Narrative Summary: Trabectedin is a chemotherapy used in sarcoma (a rare cancer). A unique toxicity of trabectedin is rhabdomyolysis (muscle break-down) which can be mild, but sometimes leads to kidney failure and death. Given the potential for severe consequences, physicians are often wary about re-administering trabectedin once a patient has had this toxicity. There may be instances, however, where trabectedin re-challenge can be safe. Identifying parameters for re-treatment with trabectedin after mild or moderate muscle break-down will help physicians make more informed treatment decisions and will help prevent premature discontinuation of this drug in patients who are benefiting.

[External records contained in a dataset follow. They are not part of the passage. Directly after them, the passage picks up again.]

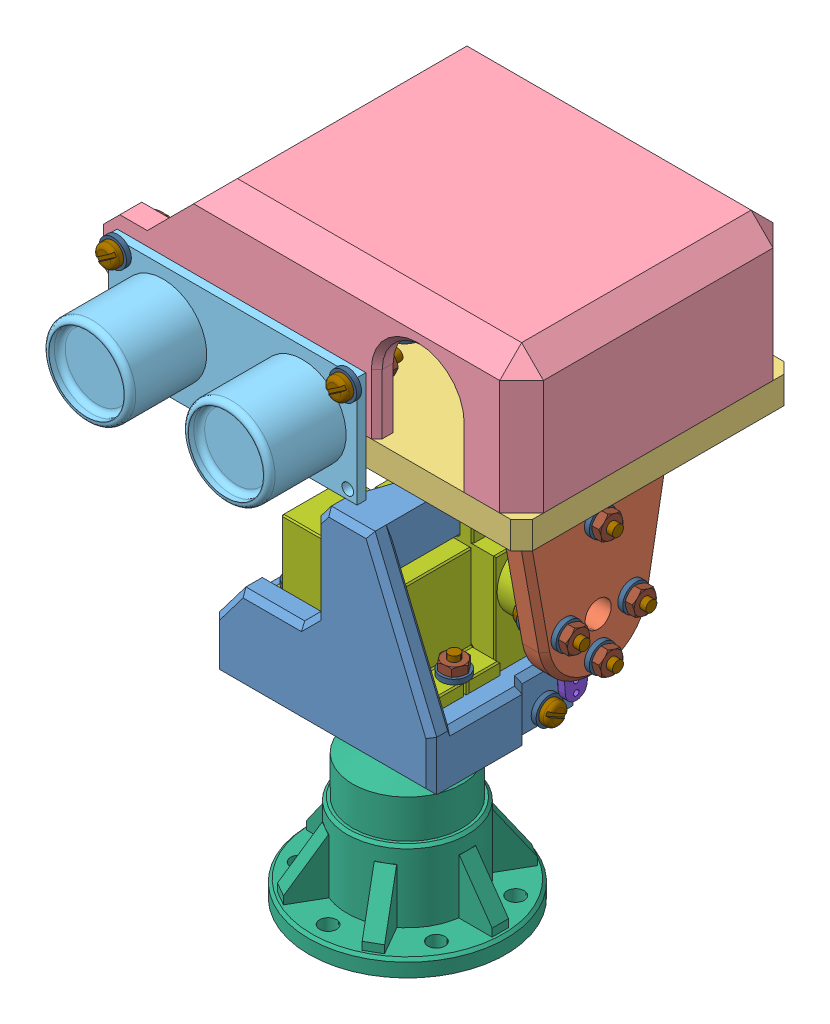
SolidWorks assembly headSub, configuration Default. Lengths in mm.
Overall size (76.5 110.09 65.6).
65 component instances, 11 part files, 135 mates.
Components (placement in the parent):
- headServoMount-1: headServoMount [Default] at (-6.1591 24.2018 19.2288) x (-1 0 0) z (0 0 1) size (39.75 36.12 28.6)
- headMount-1: headMount [Default] at (6.6839 24.3518 6.3351) x (0 -1 0) z (1 0 0) size (40 30 34)
- headBaseplate-1: headBaseplate [Default] at (24.6839 48.7958 -21.2212) x (-1 0 0) z (0 0 -1) size (60 5 50)
- headCanopy-1: headCanopy [Default] at (24.6839 78.7958 28.7788) x (-1 0 0) z (0 -1 0) size (76.5 50 25)
- usSensor-2: usSensor [Default] at (-49.3161 43.5958 28.7788) x (1 0 0) z (0 -1 0) size (45.5 15.6 26.2)
- mastMount-top-1: mastMount-top [Default] at (-11.9091 -31.2972 13.0788) size (36 28 36)
- sg90Servo-1: sg90Servo [Default] at (-6.1591 24.0708 19.2288) x (-1 0 0) z (0 0 1) size (32.7 29.37 12.3)
- sg90Servo-2: sg90Servo [Default] at (-24.2841 24.5458 6.9288) x (0 -1 0) z (0 0 1) size (32.7 29.37 12.3)
- sg90ServoHorn-star-1: sg90ServoHorn-star [Default] at (6.6839 20.6958 -2.0712) x (0 -1 0) z (0 0 -1) size (34.4 4 15.7)
- pan slot head_am-1: pan slot head_am [B18.6.7M - M3 x 0.5 x 16 Slotted PHMS --16C] at (-4.3161 42.4958 8.2249) x (0 1 0) z (0.26276 0 -0.964861) size (18.4 5.6 5.6)
- flat washer narrow_am-1: flat washer narrow_am [B18.22M - Plain washer, 3 mm, narrow] at (-4.3161 54.6958 8.2249) x (0 1 0) z (-0.26276 0 0.964861) size (0.9 7 7)
- flat washer narrow_am-2: flat washer narrow_am [B18.22M - Plain washer, 3 mm, narrow] at (-4.3161 45.7958 8.2249) x (0 1 0) z (-0.26276 0 0.964861) size (0.9 7 7)
- hex nut style 1_am-1: hex nut style 1_am [B18.2.4.1M - Hex nut, Style 1,  M3 x 0.5 --D-C] at (-4.3161 57.0958 8.2249) x (-0.26276 0 0.964861) z (0 1 0) size (5.5 6.35 2.4)
- pan slot head_am-2: pan slot head_am [B18.6.7M - M3 x 0.5 x 16 Slotted PHMS --16C] at (-17.3161 42.4958 8.2249) x (0 1 0) z (0.26276 0 -0.964861) size (18.4 5.6 5.6)
- flat washer narrow_am-3: flat washer narrow_am [B18.22M - Plain washer, 3 mm, narrow] at (-17.3161 54.6958 8.2249) x (0 1 0) z (-0.26276 0 0.964861) size (0.9 7 7)
- flat washer narrow_am-4: flat washer narrow_am [B18.22M - Plain washer, 3 mm, narrow] at (-17.3161 45.7958 8.2249) x (0 1 0) z (-0.26276 0 0.964861) size (0.9 7 7)
- hex nut style 1_am-2: hex nut style 1_am [B18.2.4.1M - Hex nut, Style 1,  M3 x 0.5 --D-C] at (-17.3161 57.0958 8.2249) x (-0.26276 0 0.964861) z (0 1 0) size (5.5 6.35 2.4)
- pan slot head_am-3: pan slot head_am [B18.6.7M - M3 x 0.5 x 16 Slotted PHMS --16C] at (-17.3161 42.4958 -2.7121) x (0 1 0) z (0.26276 0 -0.964861) size (18.4 5.6 5.6)
- flat washer narrow_am-5: flat washer narrow_am [B18.22M - Plain washer, 3 mm, narrow] at (-17.3161 54.6958 -2.7121) x (0 1 0) z (-0.26276 0 0.964861) size (0.9 7 7)
- flat washer narrow_am-6: flat washer narrow_am [B18.22M - Plain washer, 3 mm, narrow] at (-17.3161 45.7958 -2.7121) x (0 1 0) z (-0.26276 0 0.964861) size (0.9 7 7)
- hex nut style 1_am-3: hex nut style 1_am [B18.2.4.1M - Hex nut, Style 1,  M3 x 0.5 --D-C] at (-17.3161 57.0958 -2.7121) x (-0.26276 0 0.964861) z (0 1 0) size (5.5 6.35 2.4)
- pan slot head_am-4: pan slot head_am [B18.6.7M - M3 x 0.5 x 16 Slotted PHMS --16C] at (-4.3161 42.4958 -2.7121) x (0 1 0) z (0.26276 0 -0.964861) size (18.4 5.6 5.6)
- flat washer narrow_am-7: flat washer narrow_am [B18.22M - Plain washer, 3 mm, narrow] at (-4.3161 54.6958 -2.7121) x (0 1 0) z (-0.26276 0 0.964861) size (0.9 7 7)
- flat washer narrow_am-8: flat washer narrow_am [B18.22M - Plain washer, 3 mm, narrow] at (-4.3161 45.7958 -2.7121) x (0 1 0) z (-0.26276 0 0.964861) size (0.9 7 7)
- hex nut style 1_am-4: hex nut style 1_am [B18.2.4.1M - Hex nut, Style 1,  M3 x 0.5 --D-C] at (-4.3161 57.0958 -2.7121) x (-0.26276 0 0.964861) z (0 1 0) size (5.5 6.35 2.4)
- pan slot head_am-5: pan slot head_am [B18.6.7M - M2 x 0.4 x 16 Slotted PHMS --16C] at (3.4409 -0.9542 0.7788) x (-1 0 0) z (0 -0.479221 -0.877694) size (17.6 4 4)
- flat washer narrow_am-9: flat washer narrow_am [B18.22M - Plain washer, 2 mm, narrow] at (0.9409 -0.9542 0.7788) x (-1 0 0) z (0 -0.479221 -0.877694) size (0.9 5 5)
- flat washer narrow_am-10: flat washer narrow_am [B18.22M - Plain washer, 2 mm, narrow] at (-9.5591 -0.9542 0.7788) x (-1 0 0) z (0 -0.479221 -0.877694) size (0.9 5 5)
- hex nut style 1_am-5: hex nut style 1_am [B18.2.4.1M - Hex nut, Style 1,  M2 x 0.4 --D-C] at (-11.1591 -0.9542 0.7788) x (0 0.479221 0.877694) z (-1 0 0) size (4 4.62 1.6)
- pan slot head_am-7: pan slot head_am [B18.6.7M - M2 x 0.4 x 10 Slotted PHMS --10C] at (-3.6591 27.3458 0.7788) x (-1 0 0) z (0 -0.054009 -0.99854) size (11.6 4 4)
- flat washer narrow_am-13: flat washer narrow_am [B18.22M - Plain washer, 2 mm, narrow] at (-6.1591 27.3458 0.7788) x (-1 0 0) z (0 -0.054009 -0.99854) size (0.9 5 5)
- flat washer narrow_am-14: flat washer narrow_am [B18.22M - Plain washer, 2 mm, narrow] at (-12.5591 27.3458 0.7788) x (-1 0 0) z (0 -0.054009 -0.99854) size (0.9 5 5)
- hex nut style 1_am-7: hex nut style 1_am [B18.2.4.1M - Hex nut, Style 1,  M2 x 0.4 --D-C] at (-14.1591 27.3458 0.7788) x (0 0.054009 0.99854) z (-1 0 0) size (4 4.62 1.6)
- pan slot head_am-8: pan slot head_am [B18.6.7M - M2 x 0.4 x 10 Slotted PHMS --10C] at (-31.6591 10.9458 13.0788) x (0 -1 0) z (-0.98388 0 -0.178829) size (11.6 4 4)
- flat washer narrow_am-15: flat washer narrow_am [B18.22M - Plain washer, 2 mm, narrow] at (-31.6591 8.4458 13.0788) x (0 -1 0) z (-0.98388 0 -0.178829) size (0.9 5 5)
- flat washer narrow_am-16: flat washer narrow_am [B18.22M - Plain washer, 2 mm, narrow] at (-31.6591 2.0458 13.0788) x (0 -1 0) z (-0.98388 0 -0.178829) size (0.9 5 5)
- hex nut style 1_am-8: hex nut style 1_am [B18.2.4.1M - Hex nut, Style 1,  M2 x 0.4 --D-C] at (-31.6591 0.4458 13.0788) x (0.98388 0 0.178829) z (0 -1 0) size (4 4.62 1.6)
- pan slot head_am-9: pan slot head_am [B18.6.7M - M2 x 0.4 x 16 Slotted PHMS --16C] at (-3.3591 -5.6542 13.0788) x (0 1 0) z (-0.921484 0 -0.388417) size (17.6 4 4)
- flat washer narrow_am-17: flat washer narrow_am [B18.22M - Plain washer, 2 mm, narrow] at (-3.3591 -3.1542 13.0788) x (0 1 0) z (-0.921484 0 -0.388417) size (0.9 5 5)
- flat washer narrow_am-18: flat washer narrow_am [B18.22M - Plain washer, 2 mm, narrow] at (-3.3591 9.3458 13.0788) x (0 1 0) z (-0.970412 0 0.241457) size (0.9 5 5)
- hex nut style 1_am-9: hex nut style 1_am [B18.2.4.1M - Hex nut, Style 1,  M2 x 0.4 --D-C] at (-3.3591 10.9458 13.0788) x (0.921484 0 0.388417) z (0 1 0) size (4 4.62 1.6)
- flat washer narrow_am-19: flat washer narrow_am [B18.22M - Plain washer, 2 mm, narrow] at (5.2239 33.7958 0.7788) x (1 0 0) z (0 -0.958974 0.283495) size (0.9 5 5)
- flat washer narrow_am-20: flat washer narrow_am [B18.22M - Plain washer, 2 mm, narrow] at (11.5839 33.7958 0.7788) x (1 0 0) z (0 -0.958974 0.283495) size (0.9 5 5)
- hex nut style 1_am-10: hex nut style 1_am [B18.2.4.1M - Hex nut, Style 1,  M2 x 0.4 --D-C] at (13.1839 33.7958 0.7788) x (0 0.958974 -0.283495) z (1 0 0) size (4 4.62 1.6)
- pan slot head_am-10: pan slot head_am [B18.6.7M - M2 x 0.4 x 10 Slotted PHMS --10C] at (2.7239 33.7958 0.7788) x (1 0 0) z (0 -0.958974 0.283495) size (11.6 4 4)
- flat washer narrow_am-21: flat washer narrow_am [B18.22M - Plain washer, 2 mm, narrow] at (5.2239 18.7958 6.8788) x (1 0 0) z (0 -0.958974 0.283495) size (0.9 5 5)
- flat washer narrow_am-22: flat washer narrow_am [B18.22M - Plain washer, 2 mm, narrow] at (11.5839 18.7958 6.8788) x (1 0 0) z (0 -0.958974 0.283495) size (0.9 5 5)
- hex nut style 1_am-11: hex nut style 1_am [B18.2.4.1M - Hex nut, Style 1,  M2 x 0.4 --D-C] at (13.1839 18.7958 6.8788) x (0 0.958974 -0.283495) z (1 0 0) size (4 4.62 1.6)
- pan slot head_am-11: pan slot head_am [B18.6.7M - M2 x 0.4 x 10 Slotted PHMS --10C] at (2.7239 18.7958 6.8788) x (1 0 0) z (0 -0.958974 0.283495) size (11.6 4 4)
- flat washer narrow_am-23: flat washer narrow_am [B18.22M - Plain washer, 2 mm, narrow] at (5.2239 12.2958 0.7788) x (1 0 0) z (0 -0.958974 0.283495) size (0.9 5 5)
- flat washer narrow_am-24: flat washer narrow_am [B18.22M - Plain washer, 2 mm, narrow] at (11.5839 12.2958 0.7788) x (1 0 0) z (0 -0.958974 0.283495) size (0.9 5 5)
- hex nut style 1_am-12: hex nut style 1_am [B18.2.4.1M - Hex nut, Style 1,  M2 x 0.4 --D-C] at (13.1839 12.2958 0.7788) x (0 0.958974 -0.283495) z (1 0 0) size (4 4.62 1.6)
- pan slot head_am-12: pan slot head_am [B18.6.7M - M2 x 0.4 x 10 Slotted PHMS --10C] at (2.7239 12.2958 0.7788) x (1 0 0) z (0 -0.958974 0.283495) size (11.6 4 4)
- flat washer narrow_am-25: flat washer narrow_am [B18.22M - Plain washer, 2 mm, narrow] at (5.2239 18.7958 -5.3212) x (1 0 0) z (0 -0.958974 0.283495) size (0.9 5 5)
- flat washer narrow_am-26: flat washer narrow_am [B18.22M - Plain washer, 2 mm, narrow] at (11.5839 18.7958 -5.3212) x (1 0 0) z (0 -0.958974 0.283495) size (0.9 5 5)
- hex nut style 1_am-13: hex nut style 1_am [B18.2.4.1M - Hex nut, Style 1,  M2 x 0.4 --D-C] at (13.1839 18.7958 -5.3212) x (0 0.958974 -0.283495) z (1 0 0) size (4 4.62 1.6)
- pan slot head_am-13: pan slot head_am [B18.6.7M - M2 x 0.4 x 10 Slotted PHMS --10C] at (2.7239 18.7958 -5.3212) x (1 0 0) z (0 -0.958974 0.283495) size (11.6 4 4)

Anticipated Project Start: May 2018
Analysis Completion Date: September 2018
Draft Manuscript and Results Reported to YODA Project: January 2019
Dissemination Plan: We would expect to have an abstract submitted to the American Society of Clinical Oncology Conference 2019. In addition, we would consider submitting the manuscript to journals such as American Journal of Oncology, Oncologist, Sarcoma or Clinical Sarcoma Research all of which have had articles related to trabectedin in the past.
1. Italiano A, Mathoulin-Pelissier S, Cesne AL, et al: Trends in survival for patients with metastatic soft-tissue sarcoma. Cancer 117:1049-54, 2011
2. Grosso F, D’Incalci M, Cartoafa M, Nieto A, Fernndez-Teruel C, Alfaro V, Lardelli P, Roy E, Gmez J, Kahatt C, Soto-Matos A, Judson I. A comprehensive safety analysis confirms rhabdomyolysis as an uncommon adverse reaction in patients treated with trabectedin. Cancer Chemother Pharmacol. 2012 Jun;69(6):1557-65. doi: 10.1007/s00280-012-1864-4. Epub 2012 Apr 7.